Disability is viewed in negative terms such that there is a constant need for remediation.
Unfortunately, remediation is always framed in ableist discourses that do not recognize
disability. Inclusive societies will allow disability to function within the normative social
framework where individuals are accorded social rights in a pluralistic society. In other words,
entering a building through the disabled entrance will equate with entering the building through
any means, therefore reframing the rights of everyone so that bodily classification does not
matter.
Human rights discourses need to be instrumental rather than based on identity, in that rights
express the recognition that a disabled body requires different yet equal recognition. This will
happen as existing sites of power realign to accommodate different values and norms (Stammers
987). Cultural hegemony and institutional practices must be framed in the context of equality
that recognizes the features of economic, social, psychological, and political oppression that
result from ideological ideas that reinforce and reproduce social inequality (Abberley17). This
will happen as a consciousness is developed that recognizes societal discourse is dependent on
societal values that allow for full participation of every member whether abled or disabled
(Devlieger 353, Priestly 86).
The novel, like so many novels has a happy ending where Rayment completes his
rehabilitation and buys himself a new bike to ride (Coetzee 262).

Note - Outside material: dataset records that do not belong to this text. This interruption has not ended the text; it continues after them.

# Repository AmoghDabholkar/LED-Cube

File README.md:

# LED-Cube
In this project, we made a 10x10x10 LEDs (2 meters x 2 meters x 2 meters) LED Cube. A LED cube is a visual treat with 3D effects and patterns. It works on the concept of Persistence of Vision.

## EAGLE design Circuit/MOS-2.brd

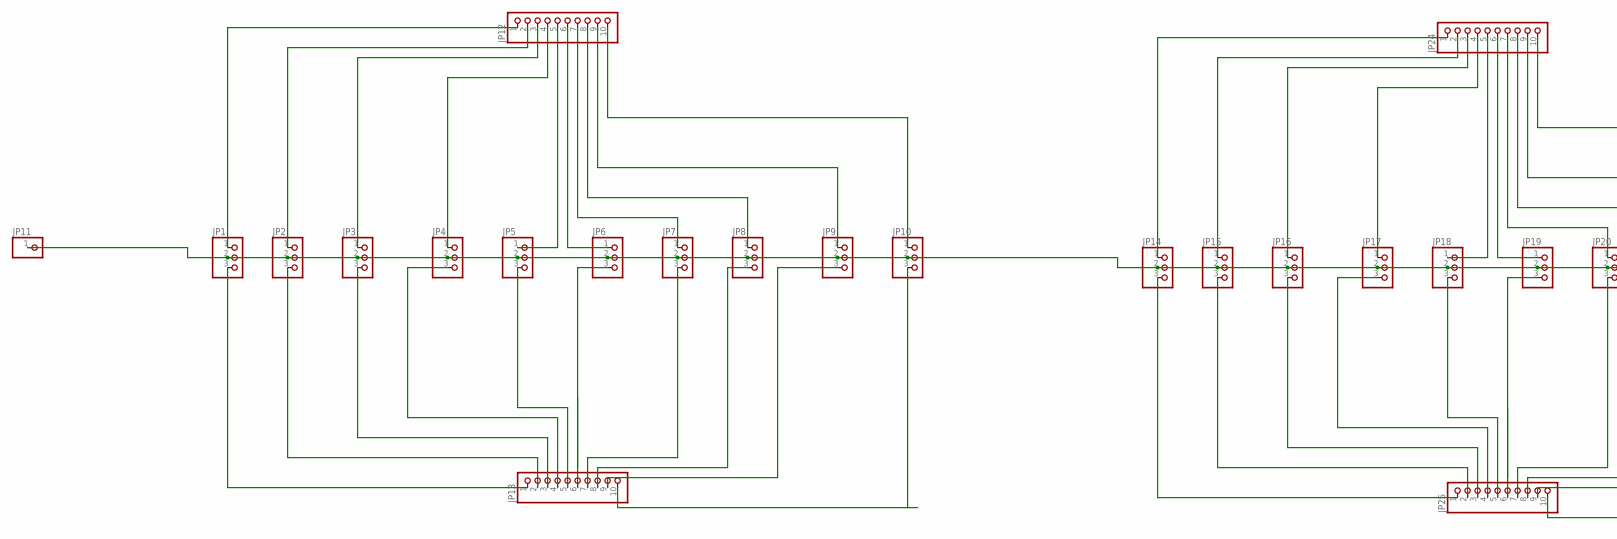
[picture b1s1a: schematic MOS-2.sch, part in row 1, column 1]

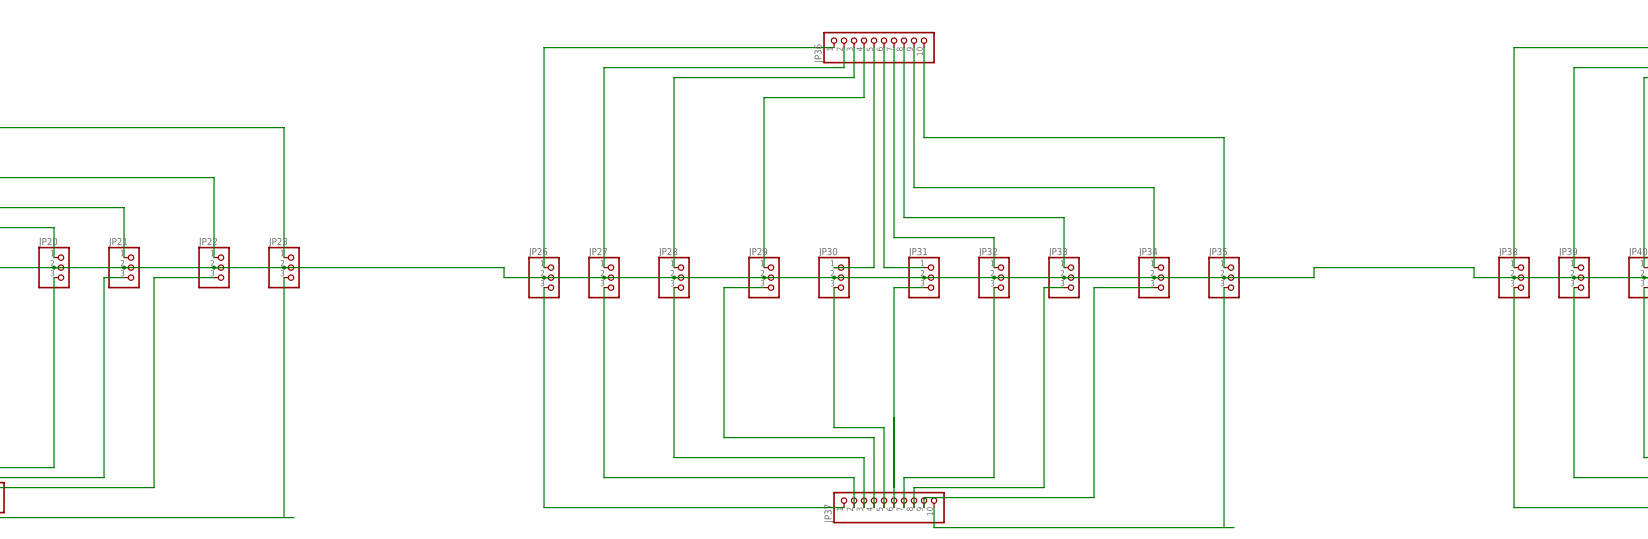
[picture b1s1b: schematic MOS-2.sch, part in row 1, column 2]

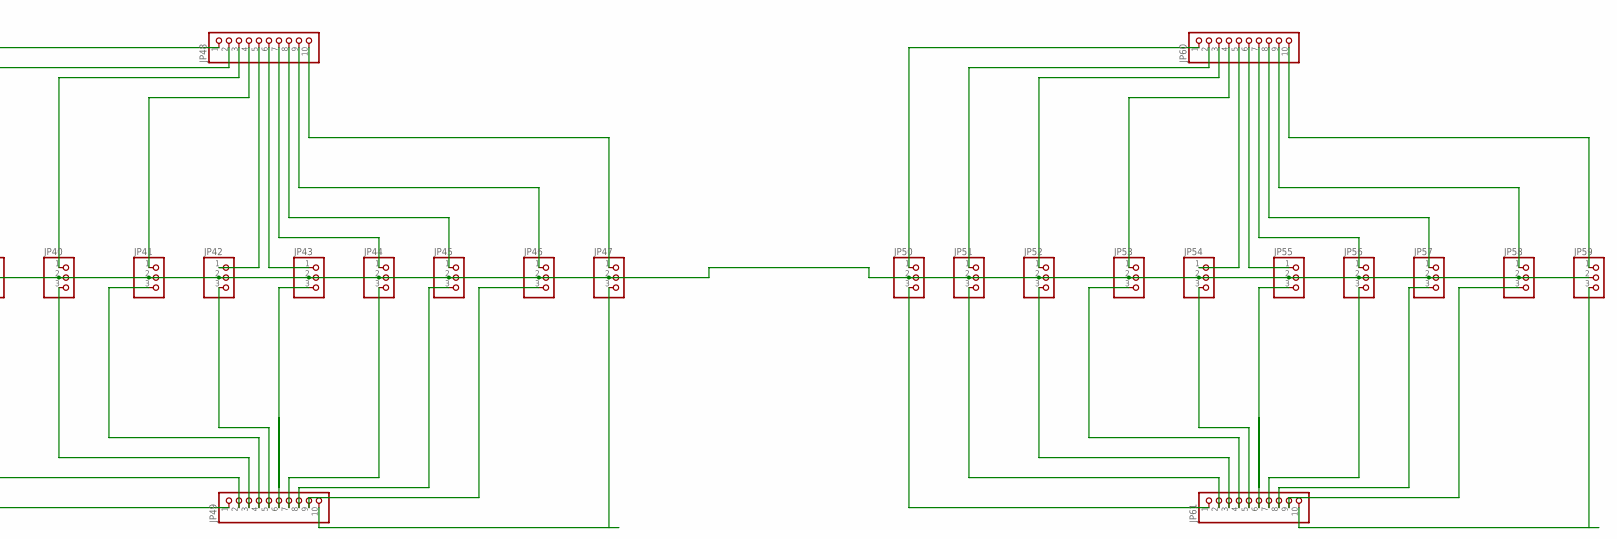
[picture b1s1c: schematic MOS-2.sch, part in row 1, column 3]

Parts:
JP1, JP2, JP3, JP4, JP5, JP6, JP7, JP8, JP9, JP10, JP14, JP15, JP16, JP17, JP18, JP19, JP20, JP21, JP22, JP23, JP26, JP27, JP28, JP29, JP30, JP31, JP32, JP33, JP34, JP35, JP38, JP39, JP40, JP41, JP42, JP43, JP44, JP45, JP46, JP47, JP50, JP51, JP52, JP53, JP54, JP55, JP56, JP57, JP58, JP59: PINHD-1X3; 1X03
JP11: PINHD-1X1; 1X01
JP12, JP13, JP24, JP25, JP36, JP37, JP48, JP49, JP60, JP61: PINHD-1X10; 1X10

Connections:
unnamed: JP1.2, JP2.2, JP3.2, JP4.2, JP5.2, JP6.2, JP7.2, JP8.2, JP9.2, JP10.2, JP11.1, JP14.2, JP15.2, JP16.2, JP17.2, JP18.2, JP19.2, JP20.2, JP21.2, JP22.2, JP23.2, JP26.2, JP27.2, JP28.2, JP29.2, JP30.2, JP31.2, JP32.2, JP33.2, JP34.2, JP35.2, JP38.2, JP39.2, JP40.2, JP41.2, JP42.2, JP43.2, JP44.2, JP45.2, JP46.2, JP47.2, JP50.2, JP51.2, JP52.2, JP53.2, JP54.2, JP55.2, JP56.2, JP57.2, JP58.2, JP59.2
unnamed: JP1.1, JP12.1
unnamed: JP2.1, JP12.2
unnamed: JP3.1, JP12.3
unnamed: JP4.1, JP12.4
unnamed: JP5.1, JP12.5
unnamed: JP6.1, JP12.6
unnamed: JP7.1, JP12.7
unnamed: JP8.1, JP12.8
unnamed: JP9.1, JP12.9
unnamed: JP10.1, JP12.10
unnamed: JP1.3, JP13.1
unnamed: JP2.3, JP13.2
unnamed: JP3.3, JP13.3
unnamed: JP5.3, JP13.5
unnamed: JP10.3, JP13.10
unnamed: JP9.3, JP13.9
unnamed: JP8.3, JP13.8
unnamed: JP7.3, JP13.7
unnamed: JP6.3, JP13.6
unnamed: JP14.1, JP24.1
unnamed: JP4.3, JP13.4
unnamed: JP15.1, JP24.2
unnamed: JP16.1, JP24.3
unnamed: JP17.1, JP24.4
unnamed: JP18.1, JP24.5
unnamed: JP19.1, JP24.6
unnamed: JP20.1, JP24.7
unnamed: JP21.1, JP24.8
unnamed: JP22.1, JP24.9
unnamed: JP23.1, JP24.10
unnamed: JP14.3, JP25.1
unnamed: JP15.3, JP25.2
unnamed: JP16.3, JP25.3
unnamed: JP18.3, JP25.5
unnamed: JP23.3, JP25.10
unnamed: JP22.3, JP25.9
unnamed: JP21.3, JP25.8
unnamed: JP20.3, JP25.7
unnamed: JP19.3, JP25.6
unnamed: JP17.3, JP25.4
unnamed: JP26.1, JP36.1
unnamed: JP27.1, JP36.2
unnamed: JP28.1, JP36.3
unnamed: JP29.1, JP36.4
unnamed: JP30.1, JP36.5
unnamed: JP31.1, JP36.6
unnamed: JP32.1, JP36.7
unnamed: JP33.1, JP36.8
unnamed: JP34.1, JP36.9
unnamed: JP35.1, JP36.10
unnamed: JP26.3, JP37.1
unnamed: JP27.3, JP37.2
unnamed: JP28.3, JP37.3
unnamed: JP30.3, JP37.5
unnamed: JP35.3, JP37.10
unnamed: JP34.3, JP37.9
unnamed: JP33.3, JP37.8
unnamed: JP32.3, JP37.7
unnamed: JP31.3, JP37.6
unnamed: JP29.3, JP37.4
unnamed: JP38.1, JP48.1
unnamed: JP39.1, JP48.2
unnamed: JP40.1, JP48.3
unnamed: JP41.1, JP48.4
unnamed: JP42.1, JP48.5
unnamed: JP43.1, JP48.6
unnamed: JP44.1, JP48.7
unnamed: JP45.1, JP48.8
unnamed: JP46.1, JP48.9
unnamed: JP47.1, JP48.10
unnamed: JP38.3, JP49.1
unnamed: JP39.3, JP49.2
unnamed: JP40.3, JP49.3
unnamed: JP42.3, JP49.5
unnamed: JP47.3, JP49.10
unnamed: JP46.3, JP49.9
unnamed: JP45.3, JP49.8
unnamed: JP44.3, JP49.7
unnamed: JP43.3, JP49.6
unnamed: JP41.3, JP49.4
unnamed: JP50.1, JP60.1
unnamed: JP51.1, JP60.2
unnamed: JP52.1, JP60.3
unnamed: JP53.1, JP60.4
unnamed: JP54.1, JP60.5
unnamed: JP55.1, JP60.6
unnamed: JP56.1, JP60.7
unnamed: JP57.1, JP60.8
unnamed: JP58.1, JP60.9
unnamed: JP59.1, JP60.10
unnamed: JP50.3, JP61.1
unnamed: JP51.3, JP61.2
unnamed: JP52.3, JP61.3
unnamed: JP54.3, JP61.5
unnamed: JP59.3, JP61.10
unnamed: JP58.3, JP61.9
unnamed: JP57.3, JP61.8
unnamed: JP56.3, JP61.7
unnamed: JP55.3, JP61.6
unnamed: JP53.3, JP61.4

For most disabled people, life is a continual struggle with some consolations to be followed by
huge losses. The character Rayment in Slow Man is portrayed in dominant discourses or tropes
that every disabled person encounters revealing that equality has not yet been achieved.

Conclusion
Disability Studies provides a useful social theory to interpret how disability is presented,
represented, and lived. I have interwoven my own experiences and my analysis of a
contemporary novel, Slow Man, with theory from critical disability studies. The medical model
of disability is evident in describing the life of Rayment as he begins his new life as a disabled
person. Readers of this work will immediately recognize oppressive social practices and
institutions as these are imposed on the protagonist from various sources, institutional and
personal. The character of Rayment never really transcends the medical model. Rayment is
rehabilitated successfully, within the medical model, by the end of the novel as we see him ride

23
off on his new bike. However this ending is a fiction incompatible with the reality of most
disabled people.
This novel is a good source material for a course on Disability Studies as it demonstrates
oppressive social practices. The text provides a rich background for a thesis developing a theme
surrounding the medical model. The cultural model of disability is largely unexplored in Slow
Man. For the most part, Rayment is acted upon by forces outside his control revealing the nexus
of power/knowledge that informs his subjectivity as a disabled man. He is seen as a victim more
than a hero. However the hero trope of overcoming impairments is a common one-dimensional
depiction of disabled people and is tiresome. Contrary to the hero trope Rayment never
completely achieves agency: he is subject of as often subject to normalizing discourse. Perhaps
this is a true reflection of the disability experience. Personally, I struggle with the cultural model
of disability in that it seems to force a performance of disability on the person that calls for
unusual strength or creativity. I prefer to live a life that engenders normalcy where sometimes we
do disability well and other times not so well. This is the story of Rayment as well.